▶ _TASK ITEM_:
Pull each line with the string "Rectangle" from the entries.

▶ _SUPPLIED ENTRIES_:
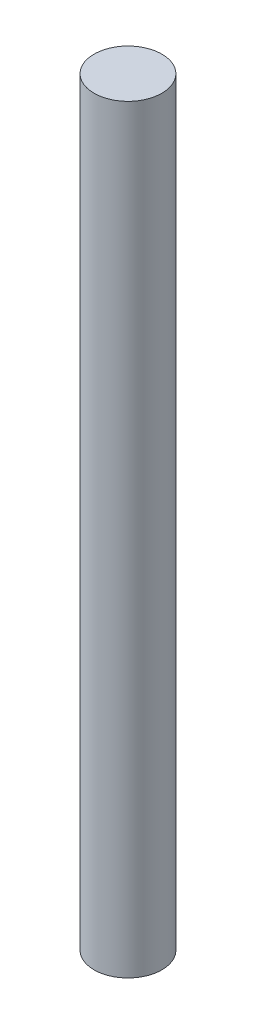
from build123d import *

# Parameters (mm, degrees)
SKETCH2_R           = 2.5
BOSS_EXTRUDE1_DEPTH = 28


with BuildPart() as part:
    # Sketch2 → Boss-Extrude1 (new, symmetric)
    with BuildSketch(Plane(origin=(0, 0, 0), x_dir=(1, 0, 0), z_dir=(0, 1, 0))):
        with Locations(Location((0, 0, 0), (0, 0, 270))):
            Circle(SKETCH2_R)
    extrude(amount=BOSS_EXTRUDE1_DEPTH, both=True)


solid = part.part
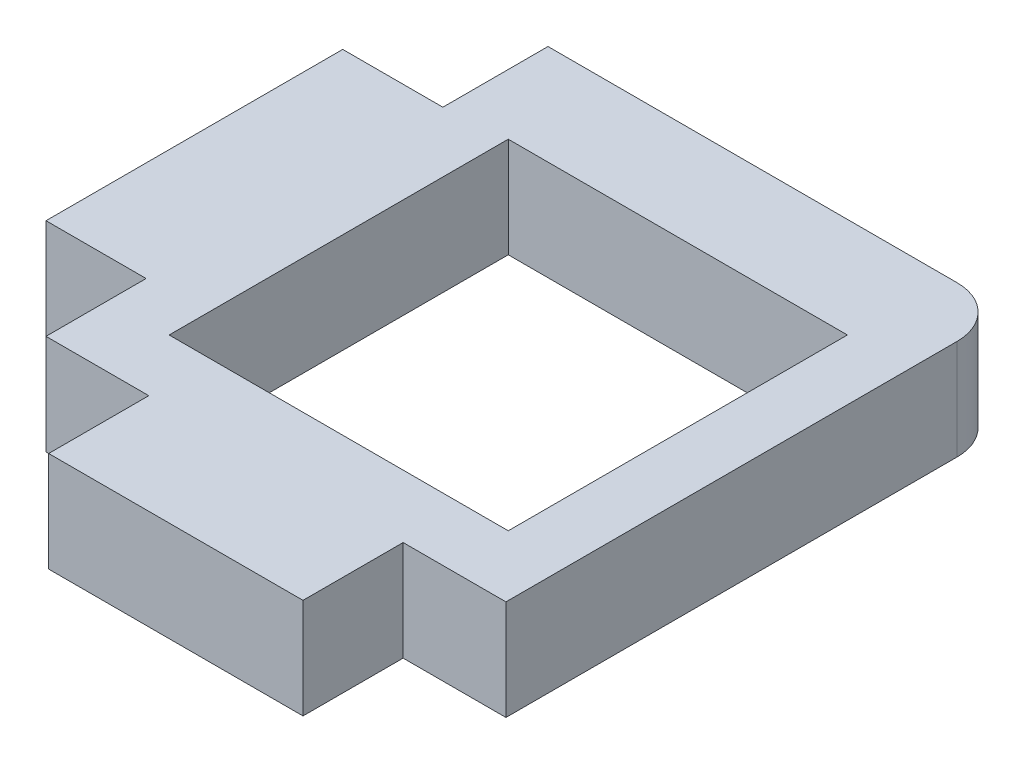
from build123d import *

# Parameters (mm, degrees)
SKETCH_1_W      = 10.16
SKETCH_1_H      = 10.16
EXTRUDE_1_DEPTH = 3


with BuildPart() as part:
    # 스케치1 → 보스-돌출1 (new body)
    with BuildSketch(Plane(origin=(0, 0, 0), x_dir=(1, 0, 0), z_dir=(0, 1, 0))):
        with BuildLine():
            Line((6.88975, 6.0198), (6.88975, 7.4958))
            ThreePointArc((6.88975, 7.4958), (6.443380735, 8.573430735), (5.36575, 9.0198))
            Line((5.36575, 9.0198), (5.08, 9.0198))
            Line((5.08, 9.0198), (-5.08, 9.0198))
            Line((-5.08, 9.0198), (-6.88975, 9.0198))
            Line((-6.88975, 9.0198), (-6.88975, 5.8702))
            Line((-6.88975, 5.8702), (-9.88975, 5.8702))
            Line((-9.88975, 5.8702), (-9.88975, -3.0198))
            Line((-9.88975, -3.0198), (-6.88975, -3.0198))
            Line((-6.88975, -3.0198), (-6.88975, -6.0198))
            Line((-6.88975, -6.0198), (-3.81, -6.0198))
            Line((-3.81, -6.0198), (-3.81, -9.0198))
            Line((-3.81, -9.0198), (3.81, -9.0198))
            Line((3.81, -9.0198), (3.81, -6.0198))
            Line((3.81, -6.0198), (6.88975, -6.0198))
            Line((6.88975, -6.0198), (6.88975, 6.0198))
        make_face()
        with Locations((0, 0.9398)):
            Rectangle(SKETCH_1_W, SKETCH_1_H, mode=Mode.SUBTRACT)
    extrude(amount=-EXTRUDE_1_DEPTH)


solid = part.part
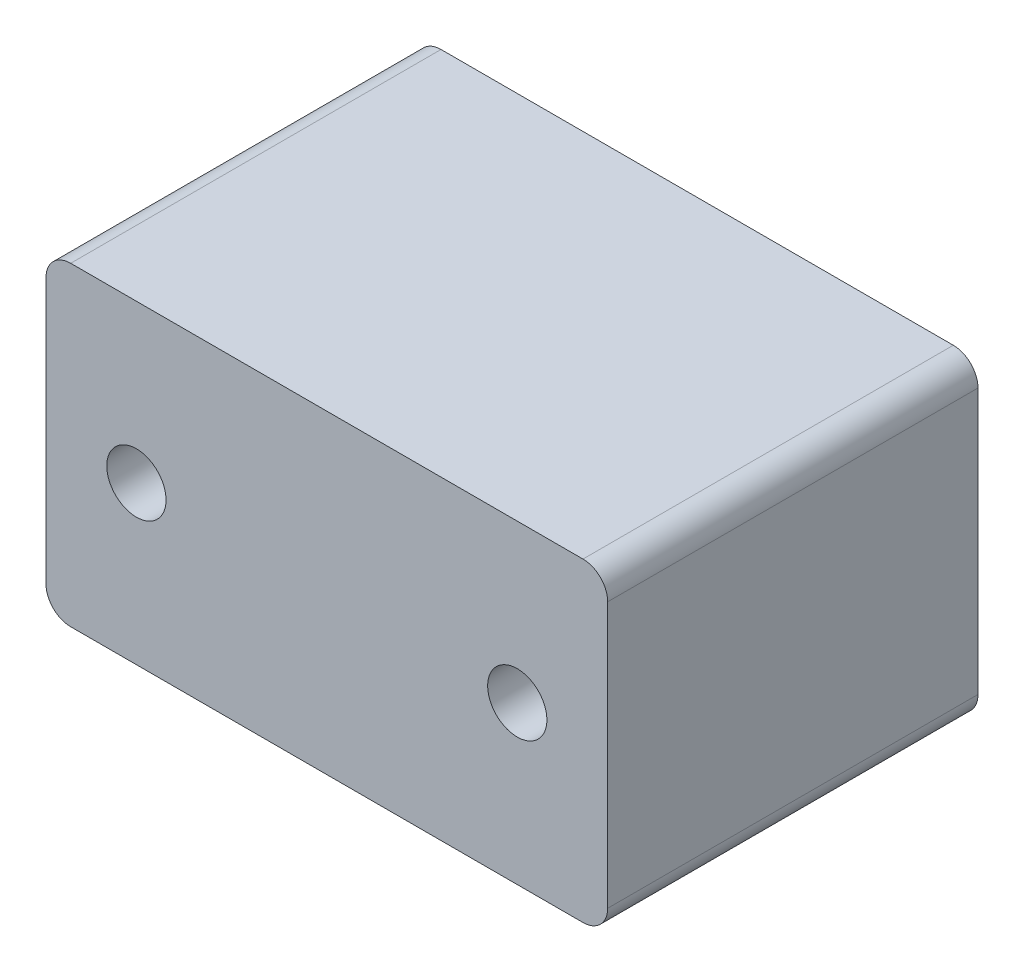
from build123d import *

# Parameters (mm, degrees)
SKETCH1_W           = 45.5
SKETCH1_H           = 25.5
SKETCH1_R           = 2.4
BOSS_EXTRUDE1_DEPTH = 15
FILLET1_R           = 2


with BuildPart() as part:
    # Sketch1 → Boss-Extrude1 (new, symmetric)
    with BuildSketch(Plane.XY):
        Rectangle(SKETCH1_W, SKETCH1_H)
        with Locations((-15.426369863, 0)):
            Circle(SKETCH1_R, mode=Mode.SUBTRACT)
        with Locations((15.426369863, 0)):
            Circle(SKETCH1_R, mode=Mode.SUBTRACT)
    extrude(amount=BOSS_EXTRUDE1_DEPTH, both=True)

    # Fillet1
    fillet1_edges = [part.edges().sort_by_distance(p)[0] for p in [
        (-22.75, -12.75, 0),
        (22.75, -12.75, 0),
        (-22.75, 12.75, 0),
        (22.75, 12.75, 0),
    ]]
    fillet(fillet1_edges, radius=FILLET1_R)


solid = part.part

▶ _ANSWER SPACE_:
            Rectangle(SKETCH_1_W, SKETCH_1_H, mode=Mode.SUBTRACT)
        Rectangle(SKETCH1_W, SKETCH1_H)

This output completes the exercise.